How about this function:
int
bytesLeftUntilVMUsed() {
return 0;
}
it should give the correct result in nearly all cases I think ;)
Imagine running Windows 7 in 256Mb of RAM (MS suggest 1GB minimum). That's effectively what you're asking the user to do by wanting to reseve 90% of available RAM.
The real question is: Why do you need so much RAM? What is the 'performance critical' criteria exactly?
Usually, this kind of question implies there's something horribly wrong with your design.
Update:
Using top of the range RAM (DDR3) would give you a theoretical transfer speed of 12GB/s which equates to reading one 32 bit value every clock cycle with some bandwidth to spare. I'm fairly sure that it is not possible to do anything useful with the data coming into the CPU at that speed - instruction processing stalls would interrupt this flow. The extra, unsued bandwidth can be used to page data to/from a hard disk. Using RAID this transfer rate can be quite high (about 1/16th of the RAM bandwidth). So it would be feasible to transfer data to/from the disk and process it without having any degradation of performance - 16 cycles between reads is all it would take (OK, my maths might be a bit wrong here).
But if you throw Windows into the mix, it all goes to pot. Your memory can go away at any moment, your application can be paused arbitrarily and so on. Locking memory to RAM would have adverse affects on the whole system, thus defeating the purpose of locing the memory.
If you explain what you're trying to acheive and the performance critria, there are many people here that will help develop a suitable solution, because if you have to ask about system limits, you really are doing something wrong.
Even if you're able to stop your application from having memory paged out to disk, you'll still run into the problem that the VMM might be paging out other programs to disk and that might potentially affect your performance as well. Not to mention that another application might start up and consume memory that you're currently occupying and thus resulting in some of your applications memory being paged out. How are you planning to deal with that?
There is a way to use non-pageable memory via the non-paged pool but (a) this pool is comparatively small and (b) it's used by device drivers and might only be usable from inside the kernel. It's also not really recommended to use large chunks of it unless you want to make sure your system isn't that stable.
You might want to revisit the design of your application and try to work around the possibility of having memory paged to disk before you either try to write your own VMM or turn a Windows machine into essentially a DOS box with more memory.
The standard solution is to not worry about "virtual" and worry about "dynamic".

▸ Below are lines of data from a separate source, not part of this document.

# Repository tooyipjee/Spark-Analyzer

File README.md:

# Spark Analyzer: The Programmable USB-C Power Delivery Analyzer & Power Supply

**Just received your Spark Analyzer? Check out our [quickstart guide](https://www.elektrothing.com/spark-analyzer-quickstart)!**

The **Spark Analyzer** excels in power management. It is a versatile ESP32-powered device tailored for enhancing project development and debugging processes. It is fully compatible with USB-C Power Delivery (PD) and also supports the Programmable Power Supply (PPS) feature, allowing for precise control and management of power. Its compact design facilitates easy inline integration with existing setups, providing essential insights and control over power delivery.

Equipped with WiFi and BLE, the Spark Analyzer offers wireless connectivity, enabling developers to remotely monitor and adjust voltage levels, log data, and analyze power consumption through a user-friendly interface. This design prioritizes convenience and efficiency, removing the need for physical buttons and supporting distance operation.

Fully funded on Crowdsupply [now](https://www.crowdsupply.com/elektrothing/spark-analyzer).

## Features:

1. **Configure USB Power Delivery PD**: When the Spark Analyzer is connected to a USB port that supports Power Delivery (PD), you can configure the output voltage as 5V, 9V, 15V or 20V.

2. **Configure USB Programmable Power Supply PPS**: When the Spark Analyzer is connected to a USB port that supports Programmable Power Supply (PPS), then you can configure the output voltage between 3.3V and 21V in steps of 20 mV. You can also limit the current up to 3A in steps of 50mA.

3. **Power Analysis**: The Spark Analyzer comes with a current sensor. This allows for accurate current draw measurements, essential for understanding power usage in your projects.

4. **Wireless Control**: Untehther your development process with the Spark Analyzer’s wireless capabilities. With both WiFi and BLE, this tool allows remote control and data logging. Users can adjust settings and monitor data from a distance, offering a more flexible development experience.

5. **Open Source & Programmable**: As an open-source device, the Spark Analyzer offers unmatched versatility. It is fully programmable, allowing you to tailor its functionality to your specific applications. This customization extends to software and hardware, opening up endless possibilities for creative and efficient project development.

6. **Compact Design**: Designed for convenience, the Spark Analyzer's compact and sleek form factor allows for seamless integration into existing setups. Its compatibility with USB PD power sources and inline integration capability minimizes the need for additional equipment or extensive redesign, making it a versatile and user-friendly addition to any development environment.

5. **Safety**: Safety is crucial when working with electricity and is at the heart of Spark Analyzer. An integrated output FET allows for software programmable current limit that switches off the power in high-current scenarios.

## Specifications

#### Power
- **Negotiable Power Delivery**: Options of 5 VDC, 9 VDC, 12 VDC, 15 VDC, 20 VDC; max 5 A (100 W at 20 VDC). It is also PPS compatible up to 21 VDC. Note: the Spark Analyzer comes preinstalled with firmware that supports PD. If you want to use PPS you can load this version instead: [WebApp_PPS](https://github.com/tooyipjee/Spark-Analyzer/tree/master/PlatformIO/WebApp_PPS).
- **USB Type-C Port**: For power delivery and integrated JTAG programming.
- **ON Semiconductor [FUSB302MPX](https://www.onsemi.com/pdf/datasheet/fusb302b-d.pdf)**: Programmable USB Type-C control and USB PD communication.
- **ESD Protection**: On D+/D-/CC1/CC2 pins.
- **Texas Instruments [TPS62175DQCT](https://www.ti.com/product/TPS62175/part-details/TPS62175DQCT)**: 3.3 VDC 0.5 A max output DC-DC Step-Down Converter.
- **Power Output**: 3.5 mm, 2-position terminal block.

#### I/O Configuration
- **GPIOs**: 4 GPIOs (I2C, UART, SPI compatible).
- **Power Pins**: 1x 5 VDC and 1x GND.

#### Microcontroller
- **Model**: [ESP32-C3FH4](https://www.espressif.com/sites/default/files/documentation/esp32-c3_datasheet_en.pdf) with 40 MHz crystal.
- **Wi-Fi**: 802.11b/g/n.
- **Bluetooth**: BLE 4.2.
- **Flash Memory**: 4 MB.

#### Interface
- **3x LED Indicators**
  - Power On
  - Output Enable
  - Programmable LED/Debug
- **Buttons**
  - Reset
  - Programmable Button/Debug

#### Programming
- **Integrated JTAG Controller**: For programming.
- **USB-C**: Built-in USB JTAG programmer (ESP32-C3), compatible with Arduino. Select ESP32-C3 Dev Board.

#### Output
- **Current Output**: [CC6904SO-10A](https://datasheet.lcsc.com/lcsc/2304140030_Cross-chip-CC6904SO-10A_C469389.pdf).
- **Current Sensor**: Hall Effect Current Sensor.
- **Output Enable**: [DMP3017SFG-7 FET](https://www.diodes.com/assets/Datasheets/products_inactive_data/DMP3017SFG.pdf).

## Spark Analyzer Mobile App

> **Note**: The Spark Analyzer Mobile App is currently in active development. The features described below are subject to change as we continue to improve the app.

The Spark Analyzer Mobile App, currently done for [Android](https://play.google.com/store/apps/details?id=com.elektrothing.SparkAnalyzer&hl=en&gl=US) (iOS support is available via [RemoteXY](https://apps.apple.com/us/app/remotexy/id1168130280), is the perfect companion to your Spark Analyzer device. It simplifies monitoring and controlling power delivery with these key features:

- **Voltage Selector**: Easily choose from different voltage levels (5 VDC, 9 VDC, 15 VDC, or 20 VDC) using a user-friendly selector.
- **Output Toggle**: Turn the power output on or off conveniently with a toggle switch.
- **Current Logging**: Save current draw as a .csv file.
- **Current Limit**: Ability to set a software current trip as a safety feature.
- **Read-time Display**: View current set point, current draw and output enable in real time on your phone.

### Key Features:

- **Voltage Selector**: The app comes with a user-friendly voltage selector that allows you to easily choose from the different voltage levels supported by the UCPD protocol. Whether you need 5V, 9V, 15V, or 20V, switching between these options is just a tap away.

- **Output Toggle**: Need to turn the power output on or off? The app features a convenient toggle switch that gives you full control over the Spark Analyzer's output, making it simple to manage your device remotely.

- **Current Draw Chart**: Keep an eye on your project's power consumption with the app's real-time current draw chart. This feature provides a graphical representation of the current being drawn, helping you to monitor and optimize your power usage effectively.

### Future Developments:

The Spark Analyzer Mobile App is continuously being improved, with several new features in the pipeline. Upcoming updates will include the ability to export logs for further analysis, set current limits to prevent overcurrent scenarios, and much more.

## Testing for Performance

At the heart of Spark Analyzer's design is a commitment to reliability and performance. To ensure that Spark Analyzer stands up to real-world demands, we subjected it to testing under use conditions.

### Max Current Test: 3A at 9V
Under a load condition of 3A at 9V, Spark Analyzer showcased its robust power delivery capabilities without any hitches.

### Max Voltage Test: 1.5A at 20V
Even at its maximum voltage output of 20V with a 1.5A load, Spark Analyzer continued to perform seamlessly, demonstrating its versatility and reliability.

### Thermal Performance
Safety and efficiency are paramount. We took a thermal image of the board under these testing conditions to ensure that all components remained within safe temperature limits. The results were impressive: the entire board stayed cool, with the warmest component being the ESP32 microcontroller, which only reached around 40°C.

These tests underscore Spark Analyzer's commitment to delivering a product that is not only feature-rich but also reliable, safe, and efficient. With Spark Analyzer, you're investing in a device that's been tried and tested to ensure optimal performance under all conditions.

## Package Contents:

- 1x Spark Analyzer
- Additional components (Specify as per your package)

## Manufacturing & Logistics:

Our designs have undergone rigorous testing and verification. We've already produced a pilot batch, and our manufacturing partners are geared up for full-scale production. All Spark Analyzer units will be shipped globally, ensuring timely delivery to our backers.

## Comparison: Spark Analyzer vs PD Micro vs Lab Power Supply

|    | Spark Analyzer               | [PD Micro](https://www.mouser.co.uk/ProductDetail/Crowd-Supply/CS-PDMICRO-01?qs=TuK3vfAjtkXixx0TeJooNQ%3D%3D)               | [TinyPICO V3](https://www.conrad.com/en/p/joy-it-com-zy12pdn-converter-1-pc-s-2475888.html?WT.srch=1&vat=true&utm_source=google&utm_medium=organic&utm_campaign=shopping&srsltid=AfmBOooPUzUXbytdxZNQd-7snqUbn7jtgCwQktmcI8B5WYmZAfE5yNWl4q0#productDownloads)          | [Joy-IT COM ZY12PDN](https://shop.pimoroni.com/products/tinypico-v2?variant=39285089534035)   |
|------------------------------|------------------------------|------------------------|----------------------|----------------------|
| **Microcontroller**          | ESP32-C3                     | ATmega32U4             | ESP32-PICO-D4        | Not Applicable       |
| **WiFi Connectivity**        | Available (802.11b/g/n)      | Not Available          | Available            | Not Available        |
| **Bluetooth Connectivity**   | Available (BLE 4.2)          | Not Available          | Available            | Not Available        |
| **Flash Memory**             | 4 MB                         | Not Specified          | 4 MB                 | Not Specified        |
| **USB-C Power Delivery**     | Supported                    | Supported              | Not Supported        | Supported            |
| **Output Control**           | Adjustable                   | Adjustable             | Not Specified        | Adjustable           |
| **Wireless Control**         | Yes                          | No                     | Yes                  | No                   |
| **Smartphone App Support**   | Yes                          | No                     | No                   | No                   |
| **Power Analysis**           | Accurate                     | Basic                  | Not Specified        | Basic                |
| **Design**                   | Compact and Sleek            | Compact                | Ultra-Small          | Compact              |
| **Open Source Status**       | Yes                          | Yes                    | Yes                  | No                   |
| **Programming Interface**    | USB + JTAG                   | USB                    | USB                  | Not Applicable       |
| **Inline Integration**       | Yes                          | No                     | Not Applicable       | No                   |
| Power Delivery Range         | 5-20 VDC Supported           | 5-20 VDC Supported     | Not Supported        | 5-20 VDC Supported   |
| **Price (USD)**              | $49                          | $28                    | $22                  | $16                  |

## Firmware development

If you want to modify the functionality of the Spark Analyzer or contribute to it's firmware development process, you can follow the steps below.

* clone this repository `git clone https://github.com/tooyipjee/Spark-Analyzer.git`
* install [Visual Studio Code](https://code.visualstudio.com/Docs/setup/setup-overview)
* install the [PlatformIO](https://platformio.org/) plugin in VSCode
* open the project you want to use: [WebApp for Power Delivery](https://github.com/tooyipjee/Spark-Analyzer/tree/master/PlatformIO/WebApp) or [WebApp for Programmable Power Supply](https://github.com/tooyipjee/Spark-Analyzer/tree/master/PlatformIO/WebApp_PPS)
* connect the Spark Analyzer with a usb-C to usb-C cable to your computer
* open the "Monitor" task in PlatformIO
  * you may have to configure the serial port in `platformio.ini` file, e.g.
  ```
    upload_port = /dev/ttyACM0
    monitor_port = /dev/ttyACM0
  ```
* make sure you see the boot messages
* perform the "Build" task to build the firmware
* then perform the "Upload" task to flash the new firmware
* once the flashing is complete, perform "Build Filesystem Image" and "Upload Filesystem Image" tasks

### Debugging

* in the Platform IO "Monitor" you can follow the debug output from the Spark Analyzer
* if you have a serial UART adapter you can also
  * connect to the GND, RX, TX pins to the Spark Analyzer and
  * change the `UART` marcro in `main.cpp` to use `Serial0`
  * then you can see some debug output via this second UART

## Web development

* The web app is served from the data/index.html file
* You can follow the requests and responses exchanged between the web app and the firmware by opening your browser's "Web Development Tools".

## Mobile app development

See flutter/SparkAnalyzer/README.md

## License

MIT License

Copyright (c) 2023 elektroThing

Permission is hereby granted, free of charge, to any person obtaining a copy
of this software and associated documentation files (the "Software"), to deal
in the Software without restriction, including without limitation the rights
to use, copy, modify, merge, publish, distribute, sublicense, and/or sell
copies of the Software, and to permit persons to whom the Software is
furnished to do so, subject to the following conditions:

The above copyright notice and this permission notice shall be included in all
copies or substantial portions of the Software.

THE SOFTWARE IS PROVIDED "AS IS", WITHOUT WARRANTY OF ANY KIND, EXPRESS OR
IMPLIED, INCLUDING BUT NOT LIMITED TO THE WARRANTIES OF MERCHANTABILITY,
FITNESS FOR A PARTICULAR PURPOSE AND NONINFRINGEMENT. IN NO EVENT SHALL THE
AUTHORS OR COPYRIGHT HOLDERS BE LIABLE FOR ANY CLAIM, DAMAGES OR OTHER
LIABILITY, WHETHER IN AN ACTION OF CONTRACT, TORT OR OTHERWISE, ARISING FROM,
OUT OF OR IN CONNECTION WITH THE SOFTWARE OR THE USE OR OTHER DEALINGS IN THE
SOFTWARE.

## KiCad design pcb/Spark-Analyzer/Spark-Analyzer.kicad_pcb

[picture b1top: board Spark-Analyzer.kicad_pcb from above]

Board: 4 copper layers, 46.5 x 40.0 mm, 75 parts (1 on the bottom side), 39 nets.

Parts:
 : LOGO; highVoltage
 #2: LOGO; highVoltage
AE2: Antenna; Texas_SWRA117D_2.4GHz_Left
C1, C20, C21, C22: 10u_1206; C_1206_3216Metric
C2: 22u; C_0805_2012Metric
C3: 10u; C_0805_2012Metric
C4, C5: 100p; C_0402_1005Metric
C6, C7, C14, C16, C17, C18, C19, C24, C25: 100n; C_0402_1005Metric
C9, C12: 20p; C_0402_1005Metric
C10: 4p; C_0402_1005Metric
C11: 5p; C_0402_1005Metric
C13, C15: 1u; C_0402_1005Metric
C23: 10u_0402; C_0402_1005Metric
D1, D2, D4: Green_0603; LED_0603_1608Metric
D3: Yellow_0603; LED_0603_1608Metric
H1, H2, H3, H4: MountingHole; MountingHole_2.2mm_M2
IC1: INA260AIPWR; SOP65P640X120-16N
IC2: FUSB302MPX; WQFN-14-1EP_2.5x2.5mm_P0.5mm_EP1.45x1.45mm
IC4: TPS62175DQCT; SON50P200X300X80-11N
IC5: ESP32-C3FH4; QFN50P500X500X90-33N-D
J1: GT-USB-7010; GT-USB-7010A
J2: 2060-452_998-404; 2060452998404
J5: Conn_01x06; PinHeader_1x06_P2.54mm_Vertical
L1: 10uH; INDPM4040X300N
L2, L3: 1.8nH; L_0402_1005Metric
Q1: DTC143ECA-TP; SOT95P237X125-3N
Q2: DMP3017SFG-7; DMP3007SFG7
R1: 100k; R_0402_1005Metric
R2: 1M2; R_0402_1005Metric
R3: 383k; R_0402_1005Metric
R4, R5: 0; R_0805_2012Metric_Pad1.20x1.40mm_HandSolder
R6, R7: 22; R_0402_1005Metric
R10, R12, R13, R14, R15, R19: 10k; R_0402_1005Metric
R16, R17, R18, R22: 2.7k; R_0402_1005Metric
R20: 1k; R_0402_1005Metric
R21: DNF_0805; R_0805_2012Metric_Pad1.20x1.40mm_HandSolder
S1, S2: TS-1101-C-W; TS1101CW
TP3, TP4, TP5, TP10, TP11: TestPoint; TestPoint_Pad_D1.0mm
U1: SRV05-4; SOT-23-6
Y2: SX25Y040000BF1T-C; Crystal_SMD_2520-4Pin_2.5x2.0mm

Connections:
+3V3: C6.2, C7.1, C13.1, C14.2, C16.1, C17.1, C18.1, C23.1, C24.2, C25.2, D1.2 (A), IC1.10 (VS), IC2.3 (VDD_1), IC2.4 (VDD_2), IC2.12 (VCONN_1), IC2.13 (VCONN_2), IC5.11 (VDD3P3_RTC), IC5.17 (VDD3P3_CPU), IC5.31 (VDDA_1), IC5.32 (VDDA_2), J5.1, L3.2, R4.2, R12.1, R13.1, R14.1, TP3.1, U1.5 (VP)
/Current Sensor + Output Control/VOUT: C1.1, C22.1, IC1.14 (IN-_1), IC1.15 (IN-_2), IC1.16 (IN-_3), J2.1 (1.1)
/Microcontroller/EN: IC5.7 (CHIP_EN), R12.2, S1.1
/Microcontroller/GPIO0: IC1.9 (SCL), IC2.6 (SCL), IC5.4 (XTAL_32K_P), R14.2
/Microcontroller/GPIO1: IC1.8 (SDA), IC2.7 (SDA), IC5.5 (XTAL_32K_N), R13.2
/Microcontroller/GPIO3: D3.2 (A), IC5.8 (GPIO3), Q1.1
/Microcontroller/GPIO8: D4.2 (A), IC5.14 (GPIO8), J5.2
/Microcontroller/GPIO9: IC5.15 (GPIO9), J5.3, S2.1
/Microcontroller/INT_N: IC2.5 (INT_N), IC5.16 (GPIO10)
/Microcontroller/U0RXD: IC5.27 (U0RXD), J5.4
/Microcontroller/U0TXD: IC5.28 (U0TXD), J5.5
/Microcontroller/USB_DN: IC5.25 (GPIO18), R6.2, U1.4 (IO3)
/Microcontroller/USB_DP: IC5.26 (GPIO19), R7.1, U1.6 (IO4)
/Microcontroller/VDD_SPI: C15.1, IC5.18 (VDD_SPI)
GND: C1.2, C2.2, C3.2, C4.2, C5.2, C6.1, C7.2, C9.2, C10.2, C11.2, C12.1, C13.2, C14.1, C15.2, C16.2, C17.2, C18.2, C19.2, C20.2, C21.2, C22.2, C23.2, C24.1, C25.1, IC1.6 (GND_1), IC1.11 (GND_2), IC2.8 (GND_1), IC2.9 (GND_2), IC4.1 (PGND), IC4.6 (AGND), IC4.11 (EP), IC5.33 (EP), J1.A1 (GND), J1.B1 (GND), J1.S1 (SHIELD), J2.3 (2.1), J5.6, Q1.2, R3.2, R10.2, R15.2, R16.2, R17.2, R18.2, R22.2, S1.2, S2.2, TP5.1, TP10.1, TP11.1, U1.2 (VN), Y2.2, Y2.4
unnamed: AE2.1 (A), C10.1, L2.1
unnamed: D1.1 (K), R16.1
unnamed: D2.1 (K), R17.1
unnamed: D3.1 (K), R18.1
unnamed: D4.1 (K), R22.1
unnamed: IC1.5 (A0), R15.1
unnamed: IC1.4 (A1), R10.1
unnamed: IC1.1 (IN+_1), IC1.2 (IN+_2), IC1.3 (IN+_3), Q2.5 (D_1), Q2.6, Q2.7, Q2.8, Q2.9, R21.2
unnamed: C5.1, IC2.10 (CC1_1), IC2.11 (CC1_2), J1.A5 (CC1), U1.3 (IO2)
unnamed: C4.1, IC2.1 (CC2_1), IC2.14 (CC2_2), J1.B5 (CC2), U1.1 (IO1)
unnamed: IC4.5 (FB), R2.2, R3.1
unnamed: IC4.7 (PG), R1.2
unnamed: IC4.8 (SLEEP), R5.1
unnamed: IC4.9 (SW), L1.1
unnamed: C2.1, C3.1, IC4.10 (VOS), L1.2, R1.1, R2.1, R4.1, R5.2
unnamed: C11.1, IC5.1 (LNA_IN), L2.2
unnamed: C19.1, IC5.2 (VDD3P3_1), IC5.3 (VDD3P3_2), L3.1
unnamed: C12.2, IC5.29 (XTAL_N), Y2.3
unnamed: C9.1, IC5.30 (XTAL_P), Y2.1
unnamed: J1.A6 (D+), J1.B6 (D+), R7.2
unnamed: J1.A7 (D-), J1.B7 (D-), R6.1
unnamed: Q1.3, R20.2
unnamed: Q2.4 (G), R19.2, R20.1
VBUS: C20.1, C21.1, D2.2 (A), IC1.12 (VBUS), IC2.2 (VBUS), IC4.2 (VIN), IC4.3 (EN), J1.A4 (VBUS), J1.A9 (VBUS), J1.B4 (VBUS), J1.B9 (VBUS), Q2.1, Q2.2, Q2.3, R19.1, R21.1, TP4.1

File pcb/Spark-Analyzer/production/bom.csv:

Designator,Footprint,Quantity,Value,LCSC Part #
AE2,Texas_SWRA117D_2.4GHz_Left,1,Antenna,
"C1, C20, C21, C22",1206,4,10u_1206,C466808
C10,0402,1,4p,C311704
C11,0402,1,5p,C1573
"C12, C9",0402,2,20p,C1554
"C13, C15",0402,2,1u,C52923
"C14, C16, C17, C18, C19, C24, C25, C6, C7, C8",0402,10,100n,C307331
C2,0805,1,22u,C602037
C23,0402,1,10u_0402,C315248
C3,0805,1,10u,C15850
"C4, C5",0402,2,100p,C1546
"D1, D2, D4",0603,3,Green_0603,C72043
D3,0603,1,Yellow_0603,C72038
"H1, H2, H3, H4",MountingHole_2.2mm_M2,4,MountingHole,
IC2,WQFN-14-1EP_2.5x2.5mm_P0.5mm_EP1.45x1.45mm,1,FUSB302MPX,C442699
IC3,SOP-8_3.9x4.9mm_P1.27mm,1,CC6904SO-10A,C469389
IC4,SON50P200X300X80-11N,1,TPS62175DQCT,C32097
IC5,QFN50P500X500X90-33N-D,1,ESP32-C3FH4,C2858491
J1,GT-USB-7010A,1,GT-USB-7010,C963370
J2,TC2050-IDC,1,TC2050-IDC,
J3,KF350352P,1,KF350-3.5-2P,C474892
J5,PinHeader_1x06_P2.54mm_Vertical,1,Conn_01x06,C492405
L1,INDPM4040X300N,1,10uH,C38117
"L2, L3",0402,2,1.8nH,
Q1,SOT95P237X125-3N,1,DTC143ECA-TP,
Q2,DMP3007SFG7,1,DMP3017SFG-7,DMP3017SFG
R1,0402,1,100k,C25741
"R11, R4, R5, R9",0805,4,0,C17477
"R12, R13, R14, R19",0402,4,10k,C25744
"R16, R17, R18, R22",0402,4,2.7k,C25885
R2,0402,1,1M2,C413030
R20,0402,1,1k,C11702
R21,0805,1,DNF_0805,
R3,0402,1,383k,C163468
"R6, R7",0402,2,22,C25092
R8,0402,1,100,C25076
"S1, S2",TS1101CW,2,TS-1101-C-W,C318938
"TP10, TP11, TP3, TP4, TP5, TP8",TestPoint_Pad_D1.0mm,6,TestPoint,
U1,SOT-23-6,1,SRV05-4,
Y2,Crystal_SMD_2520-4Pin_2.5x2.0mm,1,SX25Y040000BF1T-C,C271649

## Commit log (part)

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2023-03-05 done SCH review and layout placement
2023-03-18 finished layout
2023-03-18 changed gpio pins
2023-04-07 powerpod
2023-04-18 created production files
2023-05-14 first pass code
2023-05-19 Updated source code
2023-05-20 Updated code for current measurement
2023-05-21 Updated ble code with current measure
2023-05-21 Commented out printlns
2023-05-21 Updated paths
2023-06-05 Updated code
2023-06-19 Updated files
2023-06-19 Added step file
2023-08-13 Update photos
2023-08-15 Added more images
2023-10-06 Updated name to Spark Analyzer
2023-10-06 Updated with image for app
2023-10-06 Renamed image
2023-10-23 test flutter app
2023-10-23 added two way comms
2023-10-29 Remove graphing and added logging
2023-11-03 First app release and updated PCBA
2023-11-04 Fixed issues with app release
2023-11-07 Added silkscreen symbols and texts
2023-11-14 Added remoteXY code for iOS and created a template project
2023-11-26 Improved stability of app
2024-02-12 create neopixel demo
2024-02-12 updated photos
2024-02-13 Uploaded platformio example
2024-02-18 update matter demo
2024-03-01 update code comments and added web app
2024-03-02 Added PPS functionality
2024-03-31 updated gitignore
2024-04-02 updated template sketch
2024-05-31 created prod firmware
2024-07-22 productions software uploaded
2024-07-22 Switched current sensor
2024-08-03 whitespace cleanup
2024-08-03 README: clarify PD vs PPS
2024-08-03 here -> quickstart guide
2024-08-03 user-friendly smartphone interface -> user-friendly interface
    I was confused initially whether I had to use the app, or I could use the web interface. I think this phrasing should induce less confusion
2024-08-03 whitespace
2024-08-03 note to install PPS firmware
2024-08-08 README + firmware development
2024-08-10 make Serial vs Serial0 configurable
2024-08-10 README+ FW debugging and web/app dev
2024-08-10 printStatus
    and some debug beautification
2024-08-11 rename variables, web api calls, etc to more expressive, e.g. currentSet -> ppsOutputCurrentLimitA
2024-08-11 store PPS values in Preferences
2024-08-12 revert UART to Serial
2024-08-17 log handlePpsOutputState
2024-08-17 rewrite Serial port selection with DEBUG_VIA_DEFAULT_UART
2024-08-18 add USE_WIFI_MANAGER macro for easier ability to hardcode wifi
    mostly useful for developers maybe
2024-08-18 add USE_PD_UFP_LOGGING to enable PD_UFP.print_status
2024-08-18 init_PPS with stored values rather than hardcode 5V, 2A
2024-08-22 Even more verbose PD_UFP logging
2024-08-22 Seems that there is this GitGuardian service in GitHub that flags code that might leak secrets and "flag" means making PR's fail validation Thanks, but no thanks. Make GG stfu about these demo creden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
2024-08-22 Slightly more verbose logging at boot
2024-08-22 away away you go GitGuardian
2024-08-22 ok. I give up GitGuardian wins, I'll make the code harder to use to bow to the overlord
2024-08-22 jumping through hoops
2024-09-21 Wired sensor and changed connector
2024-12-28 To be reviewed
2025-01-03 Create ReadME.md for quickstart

The "virtual" part of virtual memory has to be looked at as a hardware function that you can only defeat by writing your own OS.
The dynamic allocation of objects, however, is simply your application program's design.
Statically allocate simple arrays of the objects you'll need. Use those arrays of objects. Increase and decrease the size of those statically allocated arrays until you have performance problems.
Ouch. Non-paged pool (the amount of RAM which cannot be swapped or allocated to processes) is typically 256 MB. That's 12.5% of RAM on a 2GB machine. If another 90% of physical RAM would be allocated to a process, that leaves either -2,5% for all other applications, services, the kernel and drivers. Even if you'd allocate only 85% for your app, that would still leave only 2,5% = 51 MB.